# [WORK TO BE COMPLETED]
Give back exactly the line containing "count 4 over" together with all the lines after it, ending at the final line below.

# [SUPPLIED MATERIAL]
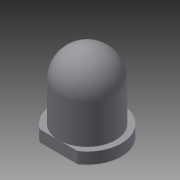
# Autodesk Inventor part: led
Saved by Autodesk Inventor 2015 (Build 190159000, 159)
## iProperties
Created: 2014-08-01
Part Number: led
Material: Generic
Document SubType Name: Modeling
Designer: dan
Density: 1 g/cm^3
Appearance: Default
Author: dan
Autodesk Inventor part; units mm, degrees
ref_plane "YZ Plane" through (0, 0, 0) normal (1, 0, 0) x (0, 1, 0)
ref_plane "XZ Plane" through (0, 0, 0) normal (0, 1, 0) x (-1, 0, 0)
ref_plane "XY Plane" through (0, 0, 0) normal (0, 0, 1) x (1, 0, 0)
sketch "Sketch1" plane through (0, 0, 0) normal (0, 0, 1) x (1, 0, 0)
  line L0 (22.225, 0) -> (30.48, 0)
  line L1 (30.48, 0) -> (30.48, 10.16)
  line L2 (30.48, 10.16) -> (25.4, 10.16)
  line L3 (25.4, 10.16) -> (25.4, 44.45)
  line L4 (25.4, 44.45) -> (0, 44.45) construction
  line L5 (0, 10.16) -> (0, 0)
  arc A0 (25.4, 44.45) -> (0, 69.85) centre (0, 44.45) ccw
  line L6 (0, 66.675) -> (0, 69.85)
  arc A1 (22.225, 44.45) -> (0, 66.675) centre (0, 44.45) ccw
  line L7 (22.225, 44.45) -> (22.225, 0)
  line L8 (0, 66.675) -> (0, 0) construction
  line L9 (0, 0) -> (22.225, 0) construction
  dimension "d2" = 3.175
  dimension "d3" = 10.16
  dimension "d4" = 69.85
  dimension "d6" = 25.4
  dimension "d7" = 5.08
  constraints: 20 end point, 6 perpendicular, 4 point on circle, 2 centre point, 2 horizontal, 2 line through centre, 2 vertical, 1 coincident, 1 point on line, 1 tangent
  measures "d2" distance between parallel lines of L3 L7
  measures "d3" distance of L0.end L1.end
  measures "d4" distance of L5.end L6.end
  measures "d6" distance between parallel lines of L8 L3
  measures "d7" distance of L1.end L2.end
revolve "Revolution1" add sketch "Sketch1" angle 360 about axis through (0, 66.675, 0) along (0, -1, 0)
sketch "Sketch3" plane through (0, 0, 0) normal (0, -1, 0) x (1, 0, 0)
  circle A0 centre (0, 0) radius 25.4 construction
  circle A1 centre (0, 0) radius 30.48 projected
  line L0 (0, 25.4) -> (-16.8485, 25.4)
  line L1 (0, 25.4) -> (16.8485, 25.4)
  arc A2 (-16.8485, 25.4) -> (0, 30.48) centre (0, 0) ccw
  constraints: 6 point on circle, 4 end point, 1 centre point, 1 concentric, 1 horizontal, 1 point on line, 1 vertical alignment, 1 other
extrude "Extrusion1" cut sketch "Sketch3" against normal up to next contours L1 L0 A1 picked at (-9.4832, 26.3286)
sketch "Sketch4" plane through (0, 0, 0) normal (0, -1, 0) x (1, 0, 0)
  arc A0 (-18.7397, -4.725) -> (-18.7397, 4.725) centre (-18.7397, 0) ccw
  circle A1 centre (-18.7397, 0) radius 1.55
  line L0 (-18.7397, 4.725) -> (-21.7169, 4.725)
  line L1 (-18.7397, -4.725) -> (-21.7169, -4.725)
  arc A2 (-21.7169, 4.725) -> (-21.7169, -4.725) centre (0, 0) ccw
  point P0 (0, 0)
  dimension "d13" = 3.1
  dimension "d14" = 3.175
  constraints: 4 end point, 4 point on circle, 3 centre point, 2 horizontal, 2 tangent, 1 coincident
  measures "d13" diameter of A1
  measures "d14" radial gap between concentric circles of A0 A1
extrude "Extrusion2" add sketch "Sketch4" against normal blind 9.652
pattern_circular "Circular Pattern1" count 4 over 360 about axis through (0, 27.305, 0) along (0, -1, 0) of "Extrusion2"
body "Solid1"

# [WORKED SOLUTION]
pattern_circular "Circular Pattern1" count 4 over 360 about axis through (0, 27.305, 0) along (0, -1, 0) of "Extrusion2"
body "Solid1"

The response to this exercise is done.